Extracted records
______________________________
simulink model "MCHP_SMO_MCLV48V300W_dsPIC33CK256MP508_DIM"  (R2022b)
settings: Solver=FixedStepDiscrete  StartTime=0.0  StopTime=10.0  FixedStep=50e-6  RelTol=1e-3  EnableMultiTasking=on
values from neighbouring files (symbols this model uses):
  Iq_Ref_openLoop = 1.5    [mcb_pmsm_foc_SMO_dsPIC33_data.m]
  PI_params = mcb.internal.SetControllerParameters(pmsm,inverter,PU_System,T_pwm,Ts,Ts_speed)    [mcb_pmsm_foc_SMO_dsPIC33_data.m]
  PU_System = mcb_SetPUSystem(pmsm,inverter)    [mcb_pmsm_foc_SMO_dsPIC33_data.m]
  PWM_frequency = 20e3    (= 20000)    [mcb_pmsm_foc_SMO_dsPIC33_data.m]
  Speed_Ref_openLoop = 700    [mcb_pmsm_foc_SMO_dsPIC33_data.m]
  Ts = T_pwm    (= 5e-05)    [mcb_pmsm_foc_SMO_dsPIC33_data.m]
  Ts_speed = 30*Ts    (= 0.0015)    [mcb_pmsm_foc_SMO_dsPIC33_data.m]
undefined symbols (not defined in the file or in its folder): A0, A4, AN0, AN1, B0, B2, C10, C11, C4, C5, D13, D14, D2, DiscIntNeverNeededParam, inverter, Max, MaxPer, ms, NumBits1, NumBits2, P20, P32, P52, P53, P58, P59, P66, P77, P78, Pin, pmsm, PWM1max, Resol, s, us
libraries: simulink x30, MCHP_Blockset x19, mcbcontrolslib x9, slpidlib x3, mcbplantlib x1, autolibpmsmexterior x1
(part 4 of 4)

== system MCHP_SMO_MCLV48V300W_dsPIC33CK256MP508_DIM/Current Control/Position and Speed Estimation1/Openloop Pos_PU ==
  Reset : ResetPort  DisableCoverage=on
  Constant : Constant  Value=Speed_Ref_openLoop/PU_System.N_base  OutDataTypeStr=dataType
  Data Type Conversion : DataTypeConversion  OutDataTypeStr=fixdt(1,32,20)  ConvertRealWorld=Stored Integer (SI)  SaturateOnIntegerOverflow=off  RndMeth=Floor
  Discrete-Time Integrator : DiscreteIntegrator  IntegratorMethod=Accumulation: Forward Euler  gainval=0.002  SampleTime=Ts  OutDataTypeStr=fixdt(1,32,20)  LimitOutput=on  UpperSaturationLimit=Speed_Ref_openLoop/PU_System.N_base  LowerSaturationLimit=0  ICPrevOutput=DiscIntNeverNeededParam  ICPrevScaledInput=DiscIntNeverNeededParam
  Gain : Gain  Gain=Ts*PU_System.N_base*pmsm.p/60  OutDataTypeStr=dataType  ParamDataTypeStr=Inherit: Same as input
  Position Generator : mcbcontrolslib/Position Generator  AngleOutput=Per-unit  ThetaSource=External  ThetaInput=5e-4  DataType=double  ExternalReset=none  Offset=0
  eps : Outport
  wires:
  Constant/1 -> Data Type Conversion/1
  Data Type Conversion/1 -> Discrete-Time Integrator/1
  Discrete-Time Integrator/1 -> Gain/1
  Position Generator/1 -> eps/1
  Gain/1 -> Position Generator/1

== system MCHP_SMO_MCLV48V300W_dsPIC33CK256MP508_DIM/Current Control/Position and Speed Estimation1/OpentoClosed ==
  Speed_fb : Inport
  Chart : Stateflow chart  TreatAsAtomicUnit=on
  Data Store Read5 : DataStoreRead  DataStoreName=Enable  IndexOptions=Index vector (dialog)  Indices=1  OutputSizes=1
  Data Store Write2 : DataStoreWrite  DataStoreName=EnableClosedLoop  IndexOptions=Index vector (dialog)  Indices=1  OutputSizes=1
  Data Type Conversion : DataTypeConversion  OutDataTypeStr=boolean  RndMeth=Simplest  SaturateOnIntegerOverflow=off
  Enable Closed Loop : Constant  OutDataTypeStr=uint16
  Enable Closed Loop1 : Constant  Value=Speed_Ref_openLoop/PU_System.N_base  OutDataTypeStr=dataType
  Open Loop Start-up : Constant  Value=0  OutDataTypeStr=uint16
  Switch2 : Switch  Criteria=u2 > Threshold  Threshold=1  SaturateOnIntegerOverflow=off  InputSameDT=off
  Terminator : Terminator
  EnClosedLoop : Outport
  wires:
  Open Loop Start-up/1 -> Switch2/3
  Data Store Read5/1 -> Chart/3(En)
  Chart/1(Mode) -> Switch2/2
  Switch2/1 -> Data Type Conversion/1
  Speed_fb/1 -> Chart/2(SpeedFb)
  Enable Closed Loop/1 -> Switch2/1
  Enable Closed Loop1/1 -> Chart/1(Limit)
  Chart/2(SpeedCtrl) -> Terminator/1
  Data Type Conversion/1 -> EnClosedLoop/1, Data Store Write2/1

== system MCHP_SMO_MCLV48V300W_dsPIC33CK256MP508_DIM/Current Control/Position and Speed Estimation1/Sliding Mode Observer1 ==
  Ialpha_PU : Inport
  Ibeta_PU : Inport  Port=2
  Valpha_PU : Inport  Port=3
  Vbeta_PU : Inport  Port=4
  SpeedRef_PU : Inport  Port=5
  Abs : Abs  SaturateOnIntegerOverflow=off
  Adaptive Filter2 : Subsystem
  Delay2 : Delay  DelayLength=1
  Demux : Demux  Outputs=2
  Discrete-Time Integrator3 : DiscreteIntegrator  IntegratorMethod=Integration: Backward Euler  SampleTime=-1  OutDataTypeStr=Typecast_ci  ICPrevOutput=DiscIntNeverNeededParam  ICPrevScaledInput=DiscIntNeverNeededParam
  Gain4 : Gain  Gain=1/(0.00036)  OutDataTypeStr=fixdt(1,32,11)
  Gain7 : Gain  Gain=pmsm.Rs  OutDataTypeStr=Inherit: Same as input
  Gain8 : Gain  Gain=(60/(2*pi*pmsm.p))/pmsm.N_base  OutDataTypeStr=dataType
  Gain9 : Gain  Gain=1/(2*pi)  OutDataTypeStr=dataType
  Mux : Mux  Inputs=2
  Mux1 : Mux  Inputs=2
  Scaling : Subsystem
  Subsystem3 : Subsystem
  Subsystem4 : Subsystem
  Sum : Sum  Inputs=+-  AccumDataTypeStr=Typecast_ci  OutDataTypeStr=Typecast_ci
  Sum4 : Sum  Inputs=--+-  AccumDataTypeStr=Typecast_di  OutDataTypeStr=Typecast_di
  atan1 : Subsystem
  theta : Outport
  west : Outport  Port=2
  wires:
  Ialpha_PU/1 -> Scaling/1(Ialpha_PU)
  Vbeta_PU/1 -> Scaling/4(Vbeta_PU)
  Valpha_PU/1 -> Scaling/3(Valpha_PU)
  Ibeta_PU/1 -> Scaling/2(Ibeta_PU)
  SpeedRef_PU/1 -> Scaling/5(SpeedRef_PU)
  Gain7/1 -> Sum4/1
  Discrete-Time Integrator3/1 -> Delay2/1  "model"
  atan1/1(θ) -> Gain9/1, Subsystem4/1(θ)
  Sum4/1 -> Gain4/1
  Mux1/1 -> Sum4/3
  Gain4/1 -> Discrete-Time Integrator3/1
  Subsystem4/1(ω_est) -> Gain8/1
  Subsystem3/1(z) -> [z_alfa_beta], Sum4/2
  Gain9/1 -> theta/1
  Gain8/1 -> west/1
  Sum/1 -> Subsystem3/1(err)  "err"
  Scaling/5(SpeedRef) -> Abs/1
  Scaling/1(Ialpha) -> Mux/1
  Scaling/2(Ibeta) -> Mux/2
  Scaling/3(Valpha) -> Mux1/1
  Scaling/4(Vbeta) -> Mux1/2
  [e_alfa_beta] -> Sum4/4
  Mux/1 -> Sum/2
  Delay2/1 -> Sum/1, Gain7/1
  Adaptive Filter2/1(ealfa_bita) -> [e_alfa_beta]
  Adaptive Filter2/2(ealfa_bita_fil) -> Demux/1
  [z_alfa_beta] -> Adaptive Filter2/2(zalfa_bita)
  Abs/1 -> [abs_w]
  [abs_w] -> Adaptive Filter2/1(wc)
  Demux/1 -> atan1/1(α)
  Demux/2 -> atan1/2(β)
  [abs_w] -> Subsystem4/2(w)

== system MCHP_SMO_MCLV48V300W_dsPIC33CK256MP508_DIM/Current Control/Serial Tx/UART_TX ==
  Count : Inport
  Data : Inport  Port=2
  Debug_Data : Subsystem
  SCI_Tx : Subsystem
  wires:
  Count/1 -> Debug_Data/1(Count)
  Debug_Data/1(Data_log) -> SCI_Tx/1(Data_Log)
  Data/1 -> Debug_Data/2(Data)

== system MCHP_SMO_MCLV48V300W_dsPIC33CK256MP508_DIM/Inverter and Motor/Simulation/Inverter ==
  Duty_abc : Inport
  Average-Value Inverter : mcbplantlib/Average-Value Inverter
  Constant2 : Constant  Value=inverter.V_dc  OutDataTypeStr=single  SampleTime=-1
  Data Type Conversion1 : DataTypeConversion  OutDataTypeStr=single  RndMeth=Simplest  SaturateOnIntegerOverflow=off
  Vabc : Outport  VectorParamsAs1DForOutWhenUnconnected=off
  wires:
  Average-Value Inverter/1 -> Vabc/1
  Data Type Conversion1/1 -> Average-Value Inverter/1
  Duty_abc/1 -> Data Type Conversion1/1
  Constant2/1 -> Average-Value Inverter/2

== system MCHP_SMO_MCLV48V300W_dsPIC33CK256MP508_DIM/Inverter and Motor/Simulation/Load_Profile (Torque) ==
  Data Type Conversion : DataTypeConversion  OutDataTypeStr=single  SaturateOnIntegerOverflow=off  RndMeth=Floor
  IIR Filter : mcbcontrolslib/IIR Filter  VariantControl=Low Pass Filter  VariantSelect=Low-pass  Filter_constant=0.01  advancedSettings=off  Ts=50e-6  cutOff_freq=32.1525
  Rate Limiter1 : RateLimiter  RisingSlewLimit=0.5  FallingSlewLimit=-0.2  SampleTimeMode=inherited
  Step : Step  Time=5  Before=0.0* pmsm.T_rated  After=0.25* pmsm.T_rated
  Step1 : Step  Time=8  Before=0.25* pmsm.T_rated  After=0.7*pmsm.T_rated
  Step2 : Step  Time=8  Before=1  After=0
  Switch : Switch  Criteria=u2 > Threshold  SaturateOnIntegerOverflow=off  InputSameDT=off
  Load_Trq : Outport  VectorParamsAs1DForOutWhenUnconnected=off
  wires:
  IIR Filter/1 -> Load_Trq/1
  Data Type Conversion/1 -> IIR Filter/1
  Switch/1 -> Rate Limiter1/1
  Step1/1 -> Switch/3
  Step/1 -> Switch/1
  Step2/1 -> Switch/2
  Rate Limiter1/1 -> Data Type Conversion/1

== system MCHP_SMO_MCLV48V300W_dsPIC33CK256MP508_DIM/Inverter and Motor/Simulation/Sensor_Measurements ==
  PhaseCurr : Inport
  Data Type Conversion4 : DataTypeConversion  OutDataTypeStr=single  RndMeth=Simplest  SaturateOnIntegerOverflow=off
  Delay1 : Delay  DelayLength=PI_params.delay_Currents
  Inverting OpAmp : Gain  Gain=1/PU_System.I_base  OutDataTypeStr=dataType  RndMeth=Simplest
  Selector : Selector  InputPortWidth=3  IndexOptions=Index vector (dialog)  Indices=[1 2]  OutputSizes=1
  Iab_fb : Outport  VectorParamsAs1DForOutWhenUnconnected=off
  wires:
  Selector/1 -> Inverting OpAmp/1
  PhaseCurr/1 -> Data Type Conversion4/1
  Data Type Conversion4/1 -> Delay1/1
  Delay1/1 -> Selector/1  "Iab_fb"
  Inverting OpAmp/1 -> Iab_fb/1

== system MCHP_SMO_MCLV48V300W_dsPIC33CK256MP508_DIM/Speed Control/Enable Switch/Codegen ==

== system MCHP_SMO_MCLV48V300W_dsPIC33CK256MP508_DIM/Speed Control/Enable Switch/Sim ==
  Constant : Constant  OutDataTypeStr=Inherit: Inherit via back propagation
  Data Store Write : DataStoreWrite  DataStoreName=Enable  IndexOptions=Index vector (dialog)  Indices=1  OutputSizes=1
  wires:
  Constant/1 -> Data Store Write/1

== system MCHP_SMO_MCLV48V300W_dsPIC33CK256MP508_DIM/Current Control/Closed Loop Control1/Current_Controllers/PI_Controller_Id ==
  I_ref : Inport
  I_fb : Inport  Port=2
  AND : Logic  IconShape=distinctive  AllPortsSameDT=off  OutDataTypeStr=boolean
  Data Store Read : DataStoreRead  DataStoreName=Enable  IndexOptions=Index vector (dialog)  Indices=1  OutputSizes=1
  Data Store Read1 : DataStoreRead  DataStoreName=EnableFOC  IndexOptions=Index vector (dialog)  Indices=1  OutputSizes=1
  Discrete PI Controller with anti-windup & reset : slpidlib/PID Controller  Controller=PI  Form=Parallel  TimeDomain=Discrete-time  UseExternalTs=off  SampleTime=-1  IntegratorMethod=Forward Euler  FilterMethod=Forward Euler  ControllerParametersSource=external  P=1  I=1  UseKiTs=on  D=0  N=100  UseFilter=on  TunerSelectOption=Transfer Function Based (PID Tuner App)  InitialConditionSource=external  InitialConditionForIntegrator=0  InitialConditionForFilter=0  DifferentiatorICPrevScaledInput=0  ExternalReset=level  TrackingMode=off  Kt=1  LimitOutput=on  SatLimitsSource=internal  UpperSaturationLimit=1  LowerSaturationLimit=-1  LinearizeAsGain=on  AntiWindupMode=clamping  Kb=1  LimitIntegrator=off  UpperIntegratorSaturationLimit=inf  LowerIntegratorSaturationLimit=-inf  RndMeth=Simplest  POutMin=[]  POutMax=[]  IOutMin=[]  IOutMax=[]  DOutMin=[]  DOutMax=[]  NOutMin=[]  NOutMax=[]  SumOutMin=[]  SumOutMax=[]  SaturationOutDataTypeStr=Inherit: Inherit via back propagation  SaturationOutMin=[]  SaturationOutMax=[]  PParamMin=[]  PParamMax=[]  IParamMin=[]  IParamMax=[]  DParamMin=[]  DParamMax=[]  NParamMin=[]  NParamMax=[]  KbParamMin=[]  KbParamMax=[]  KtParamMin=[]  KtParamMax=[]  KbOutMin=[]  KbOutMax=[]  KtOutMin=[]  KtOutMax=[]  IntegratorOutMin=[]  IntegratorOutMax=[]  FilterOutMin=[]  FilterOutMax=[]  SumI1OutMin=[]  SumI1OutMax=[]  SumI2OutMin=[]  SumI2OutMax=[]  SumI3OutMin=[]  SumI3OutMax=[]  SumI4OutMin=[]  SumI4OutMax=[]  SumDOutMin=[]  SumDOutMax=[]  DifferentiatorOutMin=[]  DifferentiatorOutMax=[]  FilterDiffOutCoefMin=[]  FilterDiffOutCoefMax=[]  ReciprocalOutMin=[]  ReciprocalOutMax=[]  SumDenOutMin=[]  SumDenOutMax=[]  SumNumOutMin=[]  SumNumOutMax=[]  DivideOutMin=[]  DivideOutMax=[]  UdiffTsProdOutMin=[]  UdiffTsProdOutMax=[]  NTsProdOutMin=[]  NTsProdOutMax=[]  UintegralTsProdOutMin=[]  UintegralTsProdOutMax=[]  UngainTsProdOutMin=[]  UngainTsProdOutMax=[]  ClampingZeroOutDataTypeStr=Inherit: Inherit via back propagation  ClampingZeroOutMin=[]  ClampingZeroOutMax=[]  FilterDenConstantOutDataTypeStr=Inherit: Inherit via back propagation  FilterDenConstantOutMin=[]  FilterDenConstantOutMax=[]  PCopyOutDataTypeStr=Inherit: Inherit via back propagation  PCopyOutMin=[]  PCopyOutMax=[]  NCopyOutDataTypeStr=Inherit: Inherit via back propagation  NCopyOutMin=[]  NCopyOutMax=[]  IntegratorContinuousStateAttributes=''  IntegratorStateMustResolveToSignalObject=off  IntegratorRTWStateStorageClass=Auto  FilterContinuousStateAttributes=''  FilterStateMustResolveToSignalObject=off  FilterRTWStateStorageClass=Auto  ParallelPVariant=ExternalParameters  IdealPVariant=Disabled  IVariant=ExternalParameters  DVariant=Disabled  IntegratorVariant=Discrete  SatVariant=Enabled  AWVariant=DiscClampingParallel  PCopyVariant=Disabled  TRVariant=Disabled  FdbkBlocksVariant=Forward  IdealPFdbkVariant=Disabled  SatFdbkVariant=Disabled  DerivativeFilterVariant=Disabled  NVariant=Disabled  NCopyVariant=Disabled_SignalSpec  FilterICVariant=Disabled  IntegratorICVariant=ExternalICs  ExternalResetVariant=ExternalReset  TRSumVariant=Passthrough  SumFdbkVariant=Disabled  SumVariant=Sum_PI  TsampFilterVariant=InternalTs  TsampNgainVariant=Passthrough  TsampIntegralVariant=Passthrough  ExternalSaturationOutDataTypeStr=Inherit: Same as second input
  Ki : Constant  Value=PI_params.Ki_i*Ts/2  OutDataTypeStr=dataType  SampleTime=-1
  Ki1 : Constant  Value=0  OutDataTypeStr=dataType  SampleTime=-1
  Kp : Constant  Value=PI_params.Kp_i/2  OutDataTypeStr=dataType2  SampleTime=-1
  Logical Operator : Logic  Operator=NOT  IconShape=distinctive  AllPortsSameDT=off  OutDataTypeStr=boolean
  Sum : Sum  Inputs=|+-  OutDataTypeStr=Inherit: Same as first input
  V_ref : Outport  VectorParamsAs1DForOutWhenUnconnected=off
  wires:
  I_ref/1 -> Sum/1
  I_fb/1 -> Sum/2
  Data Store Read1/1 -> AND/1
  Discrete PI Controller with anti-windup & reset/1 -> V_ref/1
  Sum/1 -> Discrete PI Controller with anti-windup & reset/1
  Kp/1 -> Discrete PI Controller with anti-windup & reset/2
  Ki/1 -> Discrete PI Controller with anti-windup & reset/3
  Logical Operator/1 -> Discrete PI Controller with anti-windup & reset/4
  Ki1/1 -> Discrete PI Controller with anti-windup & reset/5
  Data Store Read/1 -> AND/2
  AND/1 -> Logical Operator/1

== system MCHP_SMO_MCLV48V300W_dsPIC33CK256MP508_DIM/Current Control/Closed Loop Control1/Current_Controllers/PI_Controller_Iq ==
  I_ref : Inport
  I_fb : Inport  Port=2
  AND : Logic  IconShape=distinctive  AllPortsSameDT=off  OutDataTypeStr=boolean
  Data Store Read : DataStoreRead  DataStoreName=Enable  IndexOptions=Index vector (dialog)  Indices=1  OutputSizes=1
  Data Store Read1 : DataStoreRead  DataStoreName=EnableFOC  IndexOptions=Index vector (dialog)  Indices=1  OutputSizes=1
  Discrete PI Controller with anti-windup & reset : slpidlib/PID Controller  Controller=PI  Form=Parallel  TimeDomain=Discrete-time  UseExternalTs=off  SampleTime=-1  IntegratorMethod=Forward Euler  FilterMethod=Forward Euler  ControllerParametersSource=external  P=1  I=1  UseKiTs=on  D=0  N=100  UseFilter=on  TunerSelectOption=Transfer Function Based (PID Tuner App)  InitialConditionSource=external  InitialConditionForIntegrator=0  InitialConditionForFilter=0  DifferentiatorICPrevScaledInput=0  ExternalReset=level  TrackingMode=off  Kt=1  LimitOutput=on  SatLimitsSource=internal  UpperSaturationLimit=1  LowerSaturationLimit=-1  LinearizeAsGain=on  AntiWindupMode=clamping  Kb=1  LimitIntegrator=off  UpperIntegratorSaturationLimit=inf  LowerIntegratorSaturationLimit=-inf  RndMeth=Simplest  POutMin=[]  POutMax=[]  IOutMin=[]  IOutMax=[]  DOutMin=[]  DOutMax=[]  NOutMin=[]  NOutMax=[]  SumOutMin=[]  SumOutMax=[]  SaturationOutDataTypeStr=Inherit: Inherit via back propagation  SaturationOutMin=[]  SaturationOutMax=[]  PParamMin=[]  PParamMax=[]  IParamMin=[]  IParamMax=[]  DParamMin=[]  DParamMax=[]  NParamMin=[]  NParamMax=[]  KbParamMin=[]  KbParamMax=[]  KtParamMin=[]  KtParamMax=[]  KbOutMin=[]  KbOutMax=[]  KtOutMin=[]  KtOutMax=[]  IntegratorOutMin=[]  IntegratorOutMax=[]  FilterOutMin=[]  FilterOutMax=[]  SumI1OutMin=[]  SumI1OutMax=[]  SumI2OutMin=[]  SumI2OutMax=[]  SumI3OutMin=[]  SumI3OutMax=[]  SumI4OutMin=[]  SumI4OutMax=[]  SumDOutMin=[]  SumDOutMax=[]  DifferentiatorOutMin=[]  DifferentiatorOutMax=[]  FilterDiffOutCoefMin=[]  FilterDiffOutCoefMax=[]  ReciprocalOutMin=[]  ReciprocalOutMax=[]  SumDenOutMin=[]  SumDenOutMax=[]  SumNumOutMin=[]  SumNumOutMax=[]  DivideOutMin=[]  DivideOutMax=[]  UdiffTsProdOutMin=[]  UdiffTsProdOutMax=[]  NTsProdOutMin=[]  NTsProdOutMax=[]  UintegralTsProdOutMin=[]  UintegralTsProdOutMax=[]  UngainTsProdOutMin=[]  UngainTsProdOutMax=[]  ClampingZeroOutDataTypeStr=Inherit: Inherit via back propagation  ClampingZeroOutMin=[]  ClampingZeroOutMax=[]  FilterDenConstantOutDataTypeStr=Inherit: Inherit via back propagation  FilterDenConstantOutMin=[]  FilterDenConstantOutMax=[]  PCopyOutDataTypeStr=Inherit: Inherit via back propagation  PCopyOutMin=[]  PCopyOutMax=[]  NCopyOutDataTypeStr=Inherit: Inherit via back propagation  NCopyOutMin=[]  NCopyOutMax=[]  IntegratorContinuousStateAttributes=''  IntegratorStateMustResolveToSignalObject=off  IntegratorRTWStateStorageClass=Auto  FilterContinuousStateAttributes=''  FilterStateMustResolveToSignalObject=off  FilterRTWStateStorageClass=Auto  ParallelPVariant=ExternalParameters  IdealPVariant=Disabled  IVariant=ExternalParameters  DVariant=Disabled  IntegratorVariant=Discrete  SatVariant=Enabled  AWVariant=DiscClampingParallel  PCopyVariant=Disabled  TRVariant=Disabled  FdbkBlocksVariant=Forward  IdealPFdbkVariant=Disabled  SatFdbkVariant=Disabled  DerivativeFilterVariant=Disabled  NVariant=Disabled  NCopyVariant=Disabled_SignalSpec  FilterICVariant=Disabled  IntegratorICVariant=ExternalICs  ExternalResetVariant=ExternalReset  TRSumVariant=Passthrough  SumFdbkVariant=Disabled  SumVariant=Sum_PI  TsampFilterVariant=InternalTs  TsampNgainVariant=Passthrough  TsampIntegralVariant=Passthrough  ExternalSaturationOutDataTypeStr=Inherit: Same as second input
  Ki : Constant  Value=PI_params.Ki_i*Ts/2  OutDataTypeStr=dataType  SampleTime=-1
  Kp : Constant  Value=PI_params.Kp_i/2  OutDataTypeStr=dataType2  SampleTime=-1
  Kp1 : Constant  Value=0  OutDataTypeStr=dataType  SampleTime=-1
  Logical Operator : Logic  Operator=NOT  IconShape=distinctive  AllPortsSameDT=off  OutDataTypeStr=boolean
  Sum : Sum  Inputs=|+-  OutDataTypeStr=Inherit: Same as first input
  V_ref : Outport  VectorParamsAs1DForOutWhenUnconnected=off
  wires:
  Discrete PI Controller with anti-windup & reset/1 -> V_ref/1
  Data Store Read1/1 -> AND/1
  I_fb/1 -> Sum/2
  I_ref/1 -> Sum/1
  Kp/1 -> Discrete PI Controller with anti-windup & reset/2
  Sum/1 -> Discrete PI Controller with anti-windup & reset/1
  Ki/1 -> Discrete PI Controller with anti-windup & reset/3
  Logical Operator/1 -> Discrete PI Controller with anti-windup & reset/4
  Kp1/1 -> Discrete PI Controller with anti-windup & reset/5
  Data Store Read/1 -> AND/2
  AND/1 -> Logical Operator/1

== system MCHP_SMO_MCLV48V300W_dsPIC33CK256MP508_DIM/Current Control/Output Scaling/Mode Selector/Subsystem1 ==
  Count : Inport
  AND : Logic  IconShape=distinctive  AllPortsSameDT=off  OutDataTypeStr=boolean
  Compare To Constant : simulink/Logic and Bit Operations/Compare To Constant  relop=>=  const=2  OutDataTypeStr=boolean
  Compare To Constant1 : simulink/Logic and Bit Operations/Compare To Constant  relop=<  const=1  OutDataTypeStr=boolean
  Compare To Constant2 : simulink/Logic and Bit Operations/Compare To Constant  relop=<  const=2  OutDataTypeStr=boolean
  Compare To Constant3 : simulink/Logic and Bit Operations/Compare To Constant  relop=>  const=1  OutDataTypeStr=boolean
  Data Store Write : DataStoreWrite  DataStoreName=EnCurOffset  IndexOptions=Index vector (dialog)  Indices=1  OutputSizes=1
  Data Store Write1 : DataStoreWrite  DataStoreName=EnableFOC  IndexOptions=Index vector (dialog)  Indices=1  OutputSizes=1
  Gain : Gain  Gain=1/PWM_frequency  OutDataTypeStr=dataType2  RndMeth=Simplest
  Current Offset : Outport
______________________________
## [What the task requires]
Given the records above, restate word for word only the lines starting at the one with "Duty_abc/1 -> Data Type Conversion1/1" and ending at the one with "Data Type Conversion4 : DataTypeConversion".

## [Exercise answer]
  Duty_abc/1 -> Data Type Conversion1/1
  Constant2/1 -> Average-Value Inverter/2

== system MCHP_SMO_MCLV48V300W_dsPIC33CK256MP508_DIM/Inverter and Motor/Simulation/Load_Profile (Torque) ==
  Data Type Conversion : DataTypeConversion  OutDataTypeStr=single  SaturateOnIntegerOverflow=off  RndMeth=Floor
  IIR Filter : mcbcontrolslib/IIR Filter  VariantControl=Low Pass Filter  VariantSelect=Low-pass  Filter_constant=0.01  advancedSettings=off  Ts=50e-6  cutOff_freq=32.1525
  Rate Limiter1 : RateLimiter  RisingSlewLimit=0.5  FallingSlewLimit=-0.2  SampleTimeMode=inherited
  Step : Step  Time=5  Before=0.0* pmsm.T_rated  After=0.25* pmsm.T_rated
  Step1 : Step  Time=8  Before=0.25* pmsm.T_rated  After=0.7*pmsm.T_rated
  Step2 : Step  Time=8  Before=1  After=0
  Switch : Switch  Criteria=u2 > Threshold  SaturateOnIntegerOverflow=off  InputSameDT=off
  Load_Trq : Outport  VectorParamsAs1DForOutWhenUnconnected=off
  wires:
  IIR Filter/1 -> Load_Trq/1
  Data Type Conversion/1 -> IIR Filter/1
  Switch/1 -> Rate Limiter1/1
  Step1/1 -> Switch/3
  Step/1 -> Switch/1
  Step2/1 -> Switch/2
  Rate Limiter1/1 -> Data Type Conversion/1

== system MCHP_SMO_MCLV48V300W_dsPIC33CK256MP508_DIM/Inverter and Motor/Simulation/Sensor_Measurements ==
  PhaseCurr : Inport
  Data Type Conversion4 : DataTypeConversion  OutDataTypeStr=single  RndMeth=Simplest  SaturateOnIntegerOverflow=off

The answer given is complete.